● **WHAT YOU SHOULD DO**
Working through the records below, count the lines that include "Circle". The reply is that number alone.
=== Section Start ===
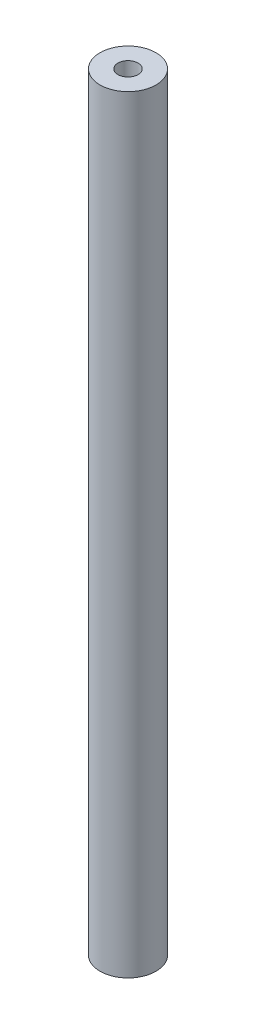
from build123d import *

# Parameters (mm, degrees)
SKETCH1_R           = 5.55625
BOSS_EXTRUDE1_DEPTH = 152.4
SKETCH2_R           = 2
CUT_EXTRUDE1_DEPTH  = 7
CUT_EXTRUDE2_START  = -7
SKETCH3_R           = 2
CUT_EXTRUDE2_DEPTH  = 7


with BuildPart() as part:
    # Sketch1 → Boss-Extrude1 (new body)
    with BuildSketch(Plane(origin=(0, 0, 0), x_dir=(1, 0, 0), z_dir=(0, 1, 0))):
        with Locations(Location((0, 0, 0), (0, 0, 90))):
            Circle(SKETCH1_R)
    extrude(amount=BOSS_EXTRUDE1_DEPTH)

    # Sketch2 → Cut-Extrude1 (cut)
    with BuildSketch(Plane(origin=(0, 152.4, 0), x_dir=(1, 0, 0), z_dir=(0, 1, 0))):
        with Locations(Location((0, 0, 0), (0, 0, 270))):
            Circle(SKETCH2_R)
    extrude(amount=-CUT_EXTRUDE1_DEPTH, mode=Mode.SUBTRACT)

    # Sketch3 → Cut-Extrude2 (cut)
    with BuildSketch(Plane.XZ.offset(CUT_EXTRUDE2_START)):
        with Locations(Location((0, 0, 0), (0, 0, 90))):
            Circle(SKETCH3_R)
    extrude(amount=CUT_EXTRUDE2_DEPTH, mode=Mode.SUBTRACT)


solid = part.part
=== Section End ===
● **RESPONSE TO THE EXERCISE**
3